Через час в штабной палатке собралось техническое руководство. Рихтер разложил чертежи очистной установки, Островский подготовил таблицы с результатами анализов. Даже Зорина пришла, отложив дела в госпитале. Глушков тоже заглянул ненадолго.

— Товарищи, у нас важные новости из Москвы, — начал я. — Ипатьев подтверждает эффективность нашего метода очистки нефти.

По палатке пронесся одобрительный гул. Островский просто сиял от гордости.

— Но это только начало, — продолжил я. — Теперь нужно подготовить подробный отчет. Не только о технологии очистки, но и обо всей системе работы с сероводородом.

Рихтер делал пометки в блокноте:

— Включим схемы улавливающих установок. И систему индикации утечек.

— И медицинские протоколы, — добавила Зорина. — Результаты применения новых методов лечения очень показательны.

— А я подготовлю полное описание катализаторов, — Островский торопливо писал. — С графиками изменения концентрации серы.

— Отлично, — кивнул я. — На подготовку отчета три дня. Потом отправим специальным курьером в Москву.

Когда все разошлись, я еще раз перечитал телеграмму. Одобрение Ипатьева дорогого стоило. Теперь можно было готовить представление и для Орджоникидзе. С серьезной научной поддержкой наши шансы значительно возрастали.

В палатку снова заглянул Островский:

— Леонид Иванович! У меня новая идея по улучшению катализатора. Надо бы тоже ее добавить.

Я улыбнулся. Признание мэтра окрылило нашего химика, придало новый импульс его экспериментам. А значит, можно ждать новых открытий.

За стенами палатки слышался привычный шум промысла. Гудели паровые котлы, стучали молотки, скрипели полозья саней, подвозящих материалы.

Три дня пролетели в напряженной работе над отчетом. В штабной палатке допоздна горели керосиновые лампы. Рихтер чертил схемы, Островский готовил графики анализов, Кудряшов обрабатывал геологические данные.

Я собирал все материалы воедино, выстраивая четкую картину открытия. Высокое пластовое давление, мощный нефтеносный горизонт, масштабы предполагаемой залежи, все это говорило о крупном месторождении. А наши технические решения доказывали способность его освоить.

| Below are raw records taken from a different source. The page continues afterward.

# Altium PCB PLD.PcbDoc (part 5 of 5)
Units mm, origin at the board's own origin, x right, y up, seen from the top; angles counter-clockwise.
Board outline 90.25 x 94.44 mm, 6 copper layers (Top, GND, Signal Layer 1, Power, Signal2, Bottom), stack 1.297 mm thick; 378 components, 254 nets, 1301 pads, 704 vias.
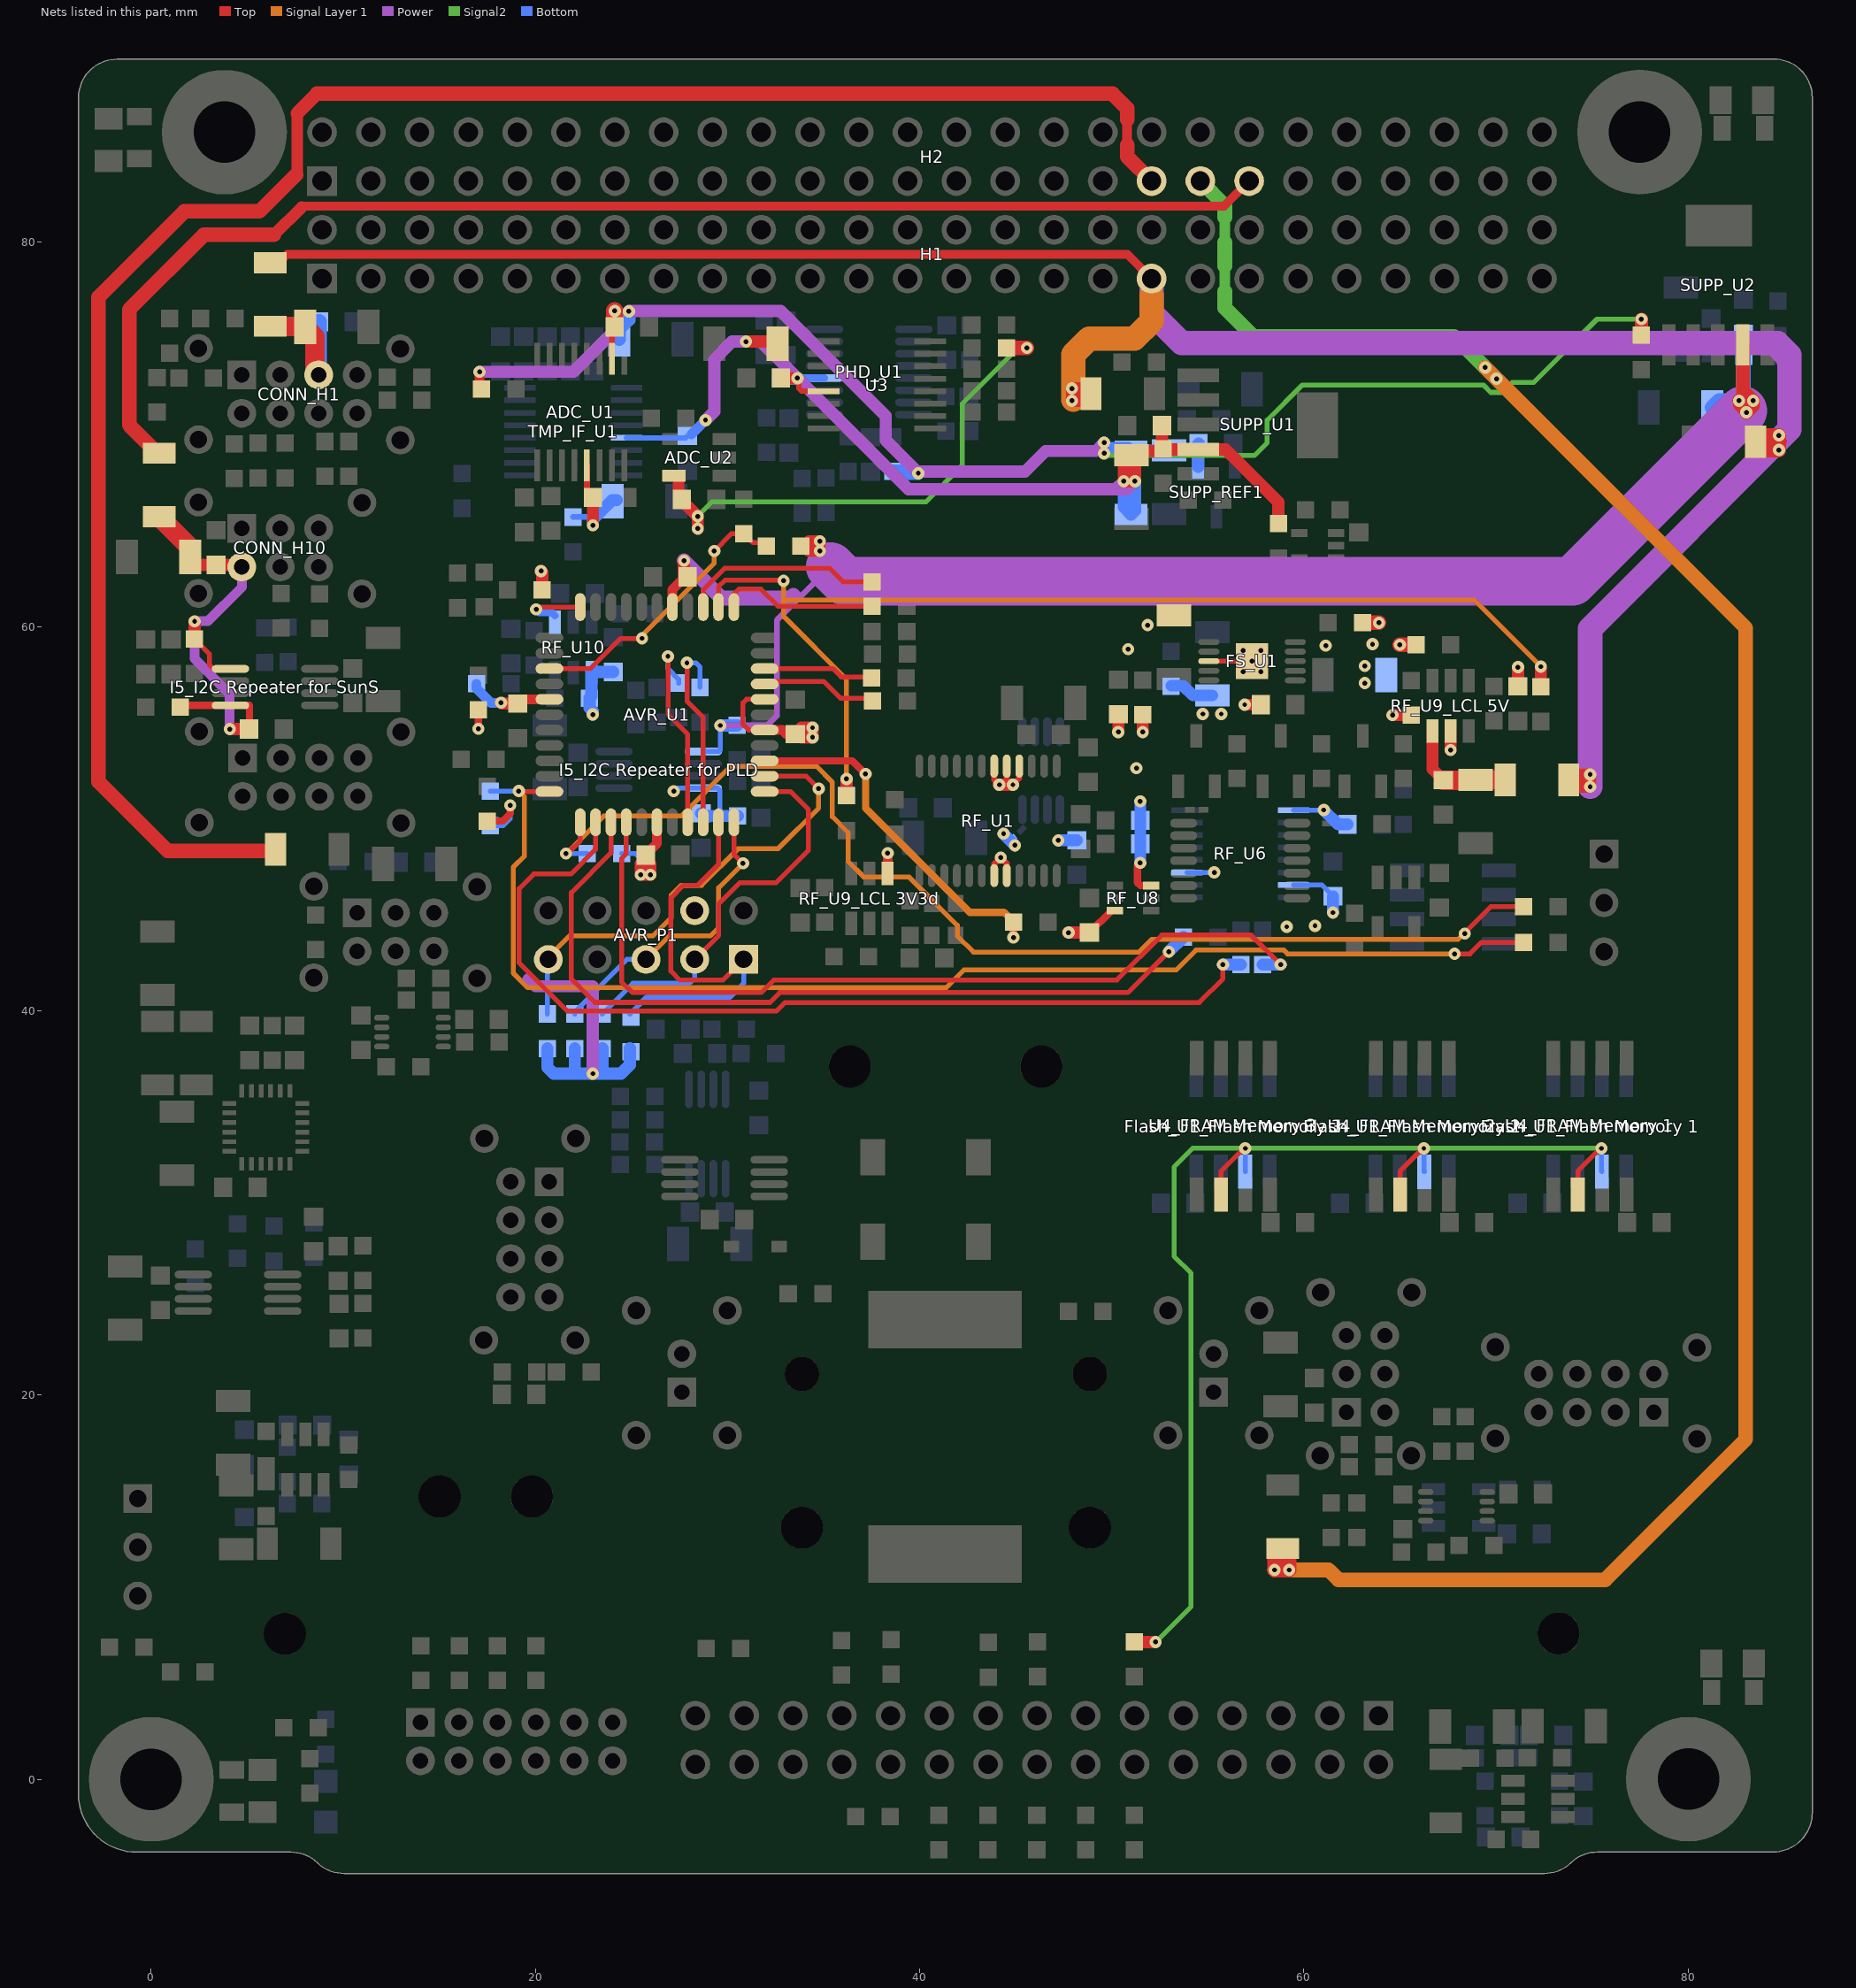
[diagram p9: the nets of this part, all layers, seen from the top]

## Via types
v1: diameter 0.635, hole 0.25, Top to Bottom, 701 vias
v2: diameter 0.7, hole 0.25, Top to Bottom, 3 vias

## Nets (pads, with @x,y where several pads share a name; then routed paths per layer and width w, separated by ;. In a path a pad name is that pad's centre, name@x,y a point inside that pad or via, vN(x,y) a via of type N, cw(c..) or ccw(c..) an arc to the next point about the centre after c; other vN are vias at no path point) (continued)
RADFET_EN: "RF_R9_LCL 3V3d.2" "RF_R9_LCL 5V.2" AVR_U1.35 RF_R13.2 | length 59.9
  Top w0.254: AVR_U1.35@29.528,61.012 29.528,62.07 29.866,62.408 32.711,62.408 32.737,62.383 v1(32.914,62.383)
  Top w0.635: 36.191,51.193 v1(36.191,52.071) ; 72.335,56.857 v1(72.335,57.913)
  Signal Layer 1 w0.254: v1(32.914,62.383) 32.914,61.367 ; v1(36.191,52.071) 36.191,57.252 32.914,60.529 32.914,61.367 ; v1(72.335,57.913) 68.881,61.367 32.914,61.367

— Посмотрите, Леонид Иванович, — Кудряшов разложил геологические разрезы. — По характеру пород и давлению можно оценить размеры структуры. Она простирается минимум на тридцать километров!

Рихтер оторвался от чертежей:

— А если учесть мощность пласта и пористость… Запасы могут быть колоссальными.

— И что важнее всего, мы решили проблему сероводорода, — добавил Островский, показывая результаты очистки. — Такая нефть уже пригодна для переработки.

Зорина принесла медицинские отчеты:

— Система защиты персонала полностью отработана. Можем гарантировать безопасность промысла.

К вечеру третьего дня отчет обрел законченный вид. Сто двадцать страниц четкого технического текста, десятки чертежей, таблицы анализов, геологические схемы. Неопровержимые доказательства большого открытия.

— Что скажете? — я протянул финальную версию Рихтеру.

Старый инженер внимательно просмотрел документы:

— Очень убедительно. Особенно там, где показана связь высокого давления с масштабами залежи. И решение проблемы сероводорода как доказательство нашей технической готовности.

Утром следующего дня отчет отправился в Москву с надежным курьером. А мы вернулись к повседневным заботам промысла.

Я стоял на буровой площадке, глядя, как первые лучи солнца окрашивают низкие облака в розовые тона.

За эти недели мы создали главное — команду. Команду людей, готовых решать самые сложные задачи. Каждый на своем месте: Рихтер с его инженерным гением, Островский с научной дотошностью, Зорина с врачебным талантом, Кудряшов с геологической интуицией…

От размышлений меня отвлек знакомый голос:

— О чем задумались, Леонид Иванович?

Зорина поднялась на площадку, кутаясь в теплую шаль.

— О будущем, Мария Сергеевна. О большом будущем этого места.